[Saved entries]

• • • • •

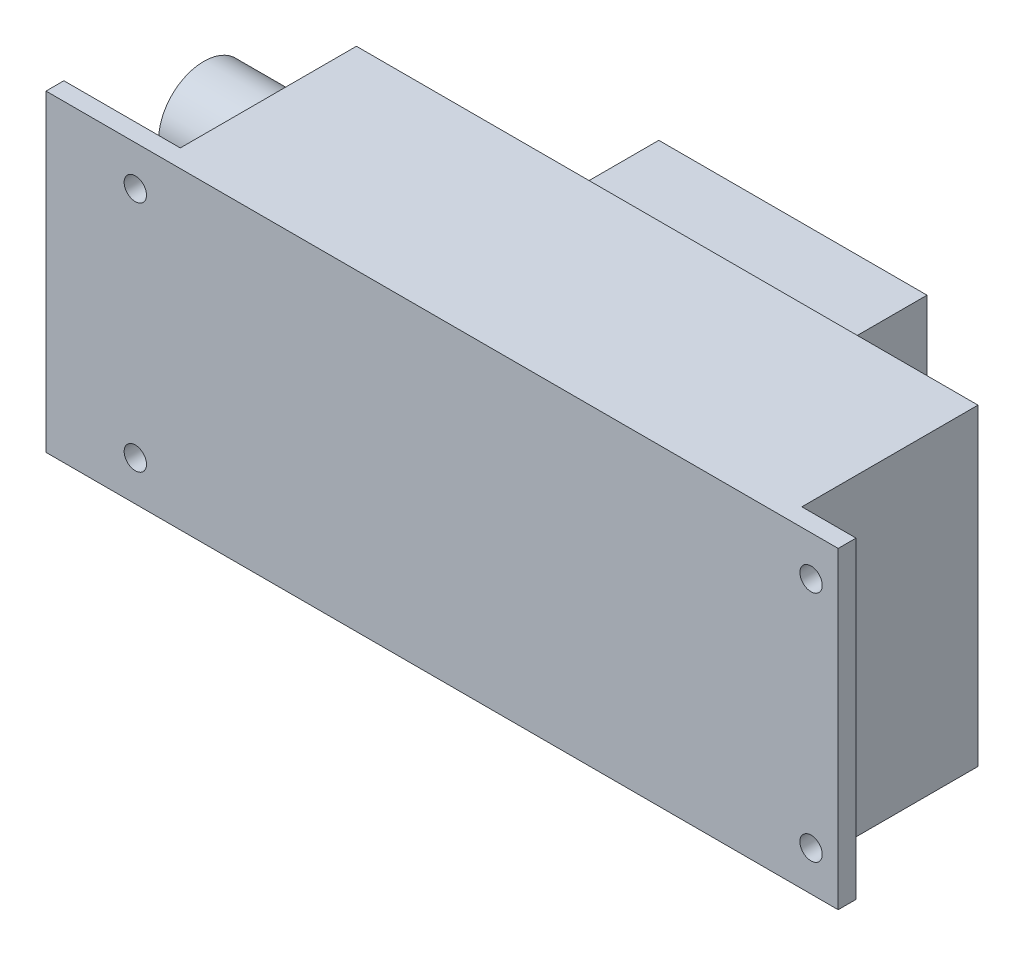
ISO-10303-21;
HEADER;
FILE_DESCRIPTION(('STEP AP214'),'2;1');
FILE_NAME('part.step','',(''),(''),'','','');
FILE_SCHEMA(('AUTOMOTIVE_DESIGN { 1 0 10303 214 1 1 1 1 }'));
ENDSEC;
DATA;
#1=APPLICATION_CONTEXT('core data for automotive mechanical design processes');
#2=APPLICATION_PROTOCOL_DEFINITION('international standard','automotive_design',2000,#1);
#3=PRODUCT_CONTEXT('',#1,'mechanical');
#4=PRODUCT('Part','Part','',(#3));
#5=PRODUCT_RELATED_PRODUCT_CATEGORY('part','',(#4));
#6=PRODUCT_DEFINITION_FORMATION('','',#4);
#7=PRODUCT_DEFINITION_CONTEXT('part definition',#1,'design');
#8=PRODUCT_DEFINITION('design','',#6,#7);
#9=PRODUCT_DEFINITION_SHAPE('','',#8);
#10=(LENGTH_UNIT() NAMED_UNIT(*) SI_UNIT(.MILLI.,.METRE.));
#11=(NAMED_UNIT(*) PLANE_ANGLE_UNIT() SI_UNIT($,.RADIAN.));
#12=(NAMED_UNIT(*) SI_UNIT($,.STERADIAN.) SOLID_ANGLE_UNIT());
#13=UNCERTAINTY_MEASURE_WITH_UNIT(LENGTH_MEASURE(1.E-05),#10,'distance_accuracy_value','');
#14=(GEOMETRIC_REPRESENTATION_CONTEXT(3) GLOBAL_UNCERTAINTY_ASSIGNED_CONTEXT((#13)) GLOBAL_UNIT_ASSIGNED_CONTEXT((#10,
#11,#12)) REPRESENTATION_CONTEXT('',''));
#15=CARTESIAN_POINT('',(0.,0.,0.));
#16=DIRECTION('',(0.,0.,1.));
#17=DIRECTION('',(1.,0.,0.));
#18=AXIS2_PLACEMENT_3D('',#15,#16,#17);
#19=CARTESIAN_POINT('',(0.,0.,32.));
#20=DIRECTION('',(0.,1.,0.));
#21=DIRECTION('',(0.,0.,1.));
#22=AXIS2_PLACEMENT_3D('',#19,#20,#21);
#23=PLANE('',#22);
#24=DIRECTION('',(-1.,0.,0.));
#25=VECTOR('',#24,1.);
#26=CARTESIAN_POINT('',(0.,0.,10.3));
#27=LINE('',#26,#25);
#28=CARTESIAN_POINT('',(82.54,0.,10.3));
#29=VERTEX_POINT('',#28);
#30=CARTESIAN_POINT('',(13.02,0.,10.3));
#31=VERTEX_POINT('',#30);
#32=EDGE_CURVE('E261',#29,#31,#27,.T.);
#33=ORIENTED_EDGE('',*,*,#32,.F.);
#34=DIRECTION('',(0.,0.,-1.));
#35=VECTOR('',#34,1.);
#36=CARTESIAN_POINT('',(82.54,0.,30.));
#37=LINE('',#36,#35);
#38=CARTESIAN_POINT('',(82.54,0.,30.));
#39=VERTEX_POINT('',#38);
#40=EDGE_CURVE('E285',#39,#29,#37,.T.);
#41=ORIENTED_EDGE('',*,*,#40,.F.);
#42=DIRECTION('',(-1.,0.,0.));
#43=VECTOR('',#42,1.);
#44=CARTESIAN_POINT('',(88.6,0.,30.));
#45=LINE('',#44,#43);
#46=CARTESIAN_POINT('',(88.6,0.,30.));
#47=VERTEX_POINT('',#46);
#48=EDGE_CURVE('E274',#47,#39,#45,.T.);
#49=ORIENTED_EDGE('',*,*,#48,.F.);
#50=DIRECTION('',(0.,0.,-1.));
#51=VECTOR('',#50,1.);
#52=CARTESIAN_POINT('',(88.6,0.,32.));
#53=LINE('',#52,#51);
#54=CARTESIAN_POINT('',(88.6,0.,32.));
#55=VERTEX_POINT('',#54);
#56=EDGE_CURVE('E360',#55,#47,#53,.T.);
#57=ORIENTED_EDGE('',*,*,#56,.F.);
#58=DIRECTION('',(1.,0.,0.));
#59=VECTOR('',#58,1.);
#60=CARTESIAN_POINT('',(0.,0.,32.));
#61=LINE('',#60,#59);
#62=CARTESIAN_POINT('',(0.,0.,32.));
#63=VERTEX_POINT('',#62);
#64=EDGE_CURVE('E343',#63,#55,#61,.T.);
#65=ORIENTED_EDGE('',*,*,#64,.F.);
#66=DIRECTION('',(0.,0.,-1.));
#67=VECTOR('',#66,1.);
#68=CARTESIAN_POINT('',(0.,0.,32.));
#69=LINE('',#68,#67);
#70=CARTESIAN_POINT('',(0.,0.,30.));
#71=VERTEX_POINT('',#70);
#72=EDGE_CURVE('E55',#63,#71,#69,.T.);
#73=ORIENTED_EDGE('',*,*,#72,.T.);
#74=DIRECTION('',(-1.,0.,0.));
#75=VECTOR('',#74,1.);
#76=CARTESIAN_POINT('',(0.,0.,30.));
#77=LINE('',#76,#75);
#78=CARTESIAN_POINT('',(13.02,0.,30.));
#79=VERTEX_POINT('',#78);
#80=EDGE_CURVE('E298',#79,#71,#77,.T.);
#81=ORIENTED_EDGE('',*,*,#80,.F.);
#82=DIRECTION('',(0.,0.,-1.));
#83=VECTOR('',#82,1.);
#84=CARTESIAN_POINT('',(13.02,0.,30.));
#85=LINE('',#84,#83);
#86=EDGE_CURVE('E269',#79,#31,#85,.T.);
#87=ORIENTED_EDGE('',*,*,#86,.T.);
#88=EDGE_LOOP('',(#33,#41,#49,#57,#65,#73,#81,#87));
#89=FACE_BOUND('',#88,.T.);
#90=ADVANCED_FACE('F46',(#89),#23,.F.);
#91=CARTESIAN_POINT('',(0.,35.,32.));
#92=DIRECTION('',(0.,-1.,0.));
#93=DIRECTION('',(0.,0.,-1.));
#94=AXIS2_PLACEMENT_3D('',#91,#92,#93);
#95=PLANE('',#94);
#96=DIRECTION('',(1.,0.,0.));
#97=VECTOR('',#96,1.);
#98=CARTESIAN_POINT('',(0.,35.,10.3));
#99=LINE('',#98,#97);
#100=CARTESIAN_POINT('',(13.02,35.,10.3));
#101=VERTEX_POINT('',#100);
#102=CARTESIAN_POINT('',(82.54,35.,10.3));
#103=VERTEX_POINT('',#102);
#104=EDGE_CURVE('E250',#101,#103,#99,.T.);
#105=ORIENTED_EDGE('',*,*,#104,.F.);
#106=DIRECTION('',(0.,0.,-1.));
#107=VECTOR('',#106,1.);
#108=CARTESIAN_POINT('',(13.02,35.,30.));
#109=LINE('',#108,#107);
#110=CARTESIAN_POINT('',(13.02,35.,30.));
#111=VERTEX_POINT('',#110);
#112=EDGE_CURVE('E294',#111,#101,#109,.T.);
#113=ORIENTED_EDGE('',*,*,#112,.F.);
#114=DIRECTION('',(1.,0.,0.));
#115=VECTOR('',#114,1.);
#116=CARTESIAN_POINT('',(0.,35.,30.));
#117=LINE('',#116,#115);
#118=CARTESIAN_POINT('',(0.,35.,30.));
#119=VERTEX_POINT('',#118);
#120=EDGE_CURVE('E308',#119,#111,#117,.T.);
#121=ORIENTED_EDGE('',*,*,#120,.F.);
#122=DIRECTION('',(0.,0.,-1.));
#123=VECTOR('',#122,1.);
#124=CARTESIAN_POINT('',(0.,35.,32.));
#125=LINE('',#124,#123);
#126=CARTESIAN_POINT('',(0.,35.,32.));
#127=VERTEX_POINT('',#126);
#128=EDGE_CURVE('E352',#127,#119,#125,.T.);
#129=ORIENTED_EDGE('',*,*,#128,.F.);
#130=DIRECTION('',(-1.,0.,0.));
#131=VECTOR('',#130,1.);
#132=CARTESIAN_POINT('',(0.,35.,32.));
#133=LINE('',#132,#131);
#134=CARTESIAN_POINT('',(88.6,35.,32.));
#135=VERTEX_POINT('',#134);
#136=EDGE_CURVE('E349',#135,#127,#133,.T.);
#137=ORIENTED_EDGE('',*,*,#136,.F.);
#138=DIRECTION('',(0.,0.,-1.));
#139=VECTOR('',#138,1.);
#140=CARTESIAN_POINT('',(88.6,35.,32.));
#141=LINE('',#140,#139);
#142=CARTESIAN_POINT('',(88.6,35.,30.));
#143=VERTEX_POINT('',#142);
#144=EDGE_CURVE('E356',#135,#143,#141,.T.);
#145=ORIENTED_EDGE('',*,*,#144,.T.);
#146=DIRECTION('',(1.,0.,0.));
#147=VECTOR('',#146,1.);
#148=CARTESIAN_POINT('',(88.6,35.,30.));
#149=LINE('',#148,#147);
#150=CARTESIAN_POINT('',(82.54,35.,30.));
#151=VERTEX_POINT('',#150);
#152=EDGE_CURVE('E282',#151,#143,#149,.T.);
#153=ORIENTED_EDGE('',*,*,#152,.F.);
#154=DIRECTION('',(0.,0.,-1.));
#155=VECTOR('',#154,1.);
#156=CARTESIAN_POINT('',(82.54,35.,30.));
#157=LINE('',#156,#155);
#158=EDGE_CURVE('E286',#151,#103,#157,.T.);
#159=ORIENTED_EDGE('',*,*,#158,.T.);
#160=EDGE_LOOP('',(#105,#113,#121,#129,#137,#145,#153,#159));
#161=FACE_BOUND('',#160,.T.);
#162=ADVANCED_FACE('F394',(#161),#95,.F.);
#163=CARTESIAN_POINT('',(13.02,35.,30.));
#164=DIRECTION('',(1.,0.,0.));
#165=DIRECTION('',(0.,1.,0.));
#166=AXIS2_PLACEMENT_3D('',#163,#164,#165);
#167=PLANE('',#166);
#168=CARTESIAN_POINT('',(13.02,10.995,14.35));
#169=DIRECTION('',(-1.,0.,0.));
#170=DIRECTION('',(0.,-1.,0.));
#171=AXIS2_PLACEMENT_3D('',#168,#169,#170);
#172=CIRCLE('',#171,5.05);
#173=CARTESIAN_POINT('',(13.02,7.97837937420034,10.3));
#174=VERTEX_POINT('',#173);
#175=CARTESIAN_POINT('',(13.02,10.995,19.4));
#176=VERTEX_POINT('',#175);
#177=EDGE_CURVE('E190',#174,#176,#172,.T.);
#178=ORIENTED_EDGE('',*,*,#177,.F.);
#179=DIRECTION('',(0.,1.,0.));
#180=VECTOR('',#179,1.);
#181=CARTESIAN_POINT('',(13.02,35.,10.3));
#182=LINE('',#181,#180);
#183=EDGE_CURVE('E265',#31,#174,#182,.T.);
#184=ORIENTED_EDGE('',*,*,#183,.F.);
#185=ORIENTED_EDGE('',*,*,#86,.F.);
#186=DIRECTION('',(0.,-1.,0.));
#187=VECTOR('',#186,1.);
#188=CARTESIAN_POINT('',(13.02,35.,30.));
#189=LINE('',#188,#187);
#190=EDGE_CURVE('E304',#111,#79,#189,.T.);
#191=ORIENTED_EDGE('',*,*,#190,.F.);
#192=ORIENTED_EDGE('',*,*,#112,.T.);
#193=CARTESIAN_POINT('',(13.02,27.0216206257997,10.3));
#194=VERTEX_POINT('',#193);
#195=EDGE_CURVE('E264',#194,#101,#182,.T.);
#196=ORIENTED_EDGE('',*,*,#195,.F.);
#197=CARTESIAN_POINT('',(13.02,24.005,14.35));
#198=DIRECTION('',(-1.,0.,0.));
#199=DIRECTION('',(0.,-1.,0.));
#200=AXIS2_PLACEMENT_3D('',#197,#198,#199);
#201=CIRCLE('',#200,5.05);
#202=CARTESIAN_POINT('',(13.02,24.005,19.4));
#203=VERTEX_POINT('',#202);
#204=EDGE_CURVE('E62',#203,#194,#201,.T.);
#205=ORIENTED_EDGE('',*,*,#204,.F.);
#206=DIRECTION('',(0.,1.,0.));
#207=VECTOR('',#206,1.);
#208=CARTESIAN_POINT('',(13.02,24.005,19.4));
#209=LINE('',#208,#207);
#210=EDGE_CURVE('E198',#176,#203,#209,.T.);
#211=ORIENTED_EDGE('',*,*,#210,.F.);
#212=EDGE_LOOP('',(#178,#184,#185,#191,#192,#196,#205,#211));
#213=FACE_BOUND('',#212,.T.);
#214=ADVANCED_FACE('F400',(#213),#167,.F.);
#215=CARTESIAN_POINT('',(82.54,35.,30.));
#216=DIRECTION('',(-1.,0.,0.));
#217=DIRECTION('',(0.,0.,1.));
#218=AXIS2_PLACEMENT_3D('',#215,#216,#217);
#219=PLANE('',#218);
#220=DIRECTION('',(0.,-1.,0.));
#221=VECTOR('',#220,1.);
#222=CARTESIAN_POINT('',(82.54,35.,10.3));
#223=LINE('',#222,#221);
#224=EDGE_CURVE('E12',#103,#29,#223,.T.);
#225=ORIENTED_EDGE('',*,*,#224,.F.);
#226=ORIENTED_EDGE('',*,*,#158,.F.);
#227=DIRECTION('',(0.,1.,0.));
#228=VECTOR('',#227,1.);
#229=CARTESIAN_POINT('',(82.54,35.,30.));
#230=LINE('',#229,#228);
#231=EDGE_CURVE('E279',#39,#151,#230,.T.);
#232=ORIENTED_EDGE('',*,*,#231,.F.);
#233=ORIENTED_EDGE('',*,*,#40,.T.);
#234=EDGE_LOOP('',(#225,#226,#232,#233));
#235=FACE_BOUND('',#234,.T.);
#236=ADVANCED_FACE('F406',(#235),#219,.F.);
#237=CARTESIAN_POINT('',(88.6,0.,32.));
#238=DIRECTION('',(-1.,0.,0.));
#239=DIRECTION('',(0.,-1.,0.));
#240=AXIS2_PLACEMENT_3D('',#237,#238,#239);
#241=PLANE('',#240);
#242=DIRECTION('',(0.,-1.,0.));
#243=VECTOR('',#242,1.);
#244=CARTESIAN_POINT('',(88.6,35.,30.));
#245=LINE('',#244,#243);
#246=EDGE_CURVE('E271',#143,#47,#245,.T.);
#247=ORIENTED_EDGE('',*,*,#246,.F.);
#248=ORIENTED_EDGE('',*,*,#144,.F.);
#249=DIRECTION('',(0.,1.,0.));
#250=VECTOR('',#249,1.);
#251=CARTESIAN_POINT('',(88.6,0.,32.));
#252=LINE('',#251,#250);
#253=EDGE_CURVE('E346',#55,#135,#252,.T.);
#254=ORIENTED_EDGE('',*,*,#253,.F.);
#255=ORIENTED_EDGE('',*,*,#56,.T.);
#256=EDGE_LOOP('',(#247,#248,#254,#255));
#257=FACE_BOUND('',#256,.T.);
#258=ADVANCED_FACE('F389',(#257),#241,.F.);
#259=CARTESIAN_POINT('',(85.57,30.535,32.));
#260=DIRECTION('',(0.,0.,1.));
#261=DIRECTION('',(1.,0.,0.));
#262=AXIS2_PLACEMENT_3D('',#259,#260,#261);
#263=CYLINDRICAL_SURFACE('',#262,1.24999999999999);
#264=CARTESIAN_POINT('',(85.57,30.535,32.));
#265=DIRECTION('',(0.,0.,1.));
#266=DIRECTION('',(1.,0.,0.));
#267=AXIS2_PLACEMENT_3D('',#264,#265,#266);
#268=CIRCLE('',#267,1.24999999999999);
#269=CARTESIAN_POINT('',(86.82,30.535,32.));
#270=VERTEX_POINT('',#269);
#271=EDGE_CURVE('E335',#270,#270,#268,.T.);
#272=ORIENTED_EDGE('',*,*,#271,.T.);
#273=EDGE_LOOP('',(#272));
#274=FACE_BOUND('',#273,.T.);
#275=CARTESIAN_POINT('',(85.57,30.535,30.));
#276=DIRECTION('',(0.,0.,-1.));
#277=DIRECTION('',(-1.,0.,0.));
#278=AXIS2_PLACEMENT_3D('',#275,#276,#277);
#279=CIRCLE('',#278,1.24999999999999);
#280=CARTESIAN_POINT('',(84.32,30.535,30.));
#281=VERTEX_POINT('',#280);
#282=EDGE_CURVE('E319',#281,#281,#279,.F.);
#283=ORIENTED_EDGE('',*,*,#282,.F.);
#284=EDGE_LOOP('',(#283));
#285=FACE_BOUND('',#284,.T.);
#286=ADVANCED_FACE('F379',(#274,#285),#263,.F.);
#287=CARTESIAN_POINT('',(85.57,4.465,32.));
#288=DIRECTION('',(0.,0.,1.));
#289=DIRECTION('',(1.,0.,0.));
#290=AXIS2_PLACEMENT_3D('',#287,#288,#289);
#291=CYLINDRICAL_SURFACE('',#290,1.24999999999999);
#292=CARTESIAN_POINT('',(85.57,4.465,32.));
#293=DIRECTION('',(0.,0.,1.));
#294=DIRECTION('',(1.,0.,0.));
#295=AXIS2_PLACEMENT_3D('',#292,#293,#294);
#296=CIRCLE('',#295,1.24999999999999);
#297=CARTESIAN_POINT('',(86.82,4.465,32.));
#298=VERTEX_POINT('',#297);
#299=EDGE_CURVE('E331',#298,#298,#296,.T.);
#300=ORIENTED_EDGE('',*,*,#299,.T.);
#301=EDGE_LOOP('',(#300));
#302=FACE_BOUND('',#301,.T.);
#303=CARTESIAN_POINT('',(85.57,4.465,30.));
#304=DIRECTION('',(0.,0.,-1.));
#305=DIRECTION('',(-1.,0.,0.));
#306=AXIS2_PLACEMENT_3D('',#303,#304,#305);
#307=CIRCLE('',#306,1.24999999999999);
#308=CARTESIAN_POINT('',(84.32,4.465,30.));
#309=VERTEX_POINT('',#308);
#310=EDGE_CURVE('E318',#309,#309,#307,.F.);
#311=ORIENTED_EDGE('',*,*,#310,.F.);
#312=EDGE_LOOP('',(#311));
#313=FACE_BOUND('',#312,.T.);
#314=ADVANCED_FACE('F376',(#302,#313),#291,.F.);
#315=CARTESIAN_POINT('',(0.,0.,32.));
#316=DIRECTION('',(0.,0.,-1.));
#317=DIRECTION('',(-1.,0.,0.));
#318=AXIS2_PLACEMENT_3D('',#315,#316,#317);
#319=PLANE('',#318);
#320=CARTESIAN_POINT('',(9.98999999999998,30.535,32.));
#321=DIRECTION('',(0.,0.,1.));
#322=DIRECTION('',(1.,0.,0.));
#323=AXIS2_PLACEMENT_3D('',#320,#321,#322);
#324=CIRCLE('',#323,1.24999999999999);
#325=CARTESIAN_POINT('',(11.24,30.535,32.));
#326=VERTEX_POINT('',#325);
#327=EDGE_CURVE('E323',#326,#326,#324,.T.);
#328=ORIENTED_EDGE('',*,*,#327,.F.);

• • • • •

Directions
Above this instruction are the records; retype exactly the lines from the one containing "#274=FACE_BOUND('',#273,.T.);" up to and including the one containing "#286=ADVANCED_FACE('F379',(#274,#285),#263,.F.);".

Output of the task
#274=FACE_BOUND('',#273,.T.);
#275=CARTESIAN_POINT('',(85.57,30.535,30.));
#276=DIRECTION('',(0.,0.,-1.));
#277=DIRECTION('',(-1.,0.,0.));
#278=AXIS2_PLACEMENT_3D('',#275,#276,#277);
#279=CIRCLE('',#278,1.24999999999999);
#280=CARTESIAN_POINT('',(84.32,30.535,30.));
#281=VERTEX_POINT('',#280);
#282=EDGE_CURVE('E319',#281,#281,#279,.F.);
#283=ORIENTED_EDGE('',*,*,#282,.F.);
#284=EDGE_LOOP('',(#283));
#285=FACE_BOUND('',#284,.T.);
#286=ADVANCED_FACE('F379',(#274,#285),#263,.F.);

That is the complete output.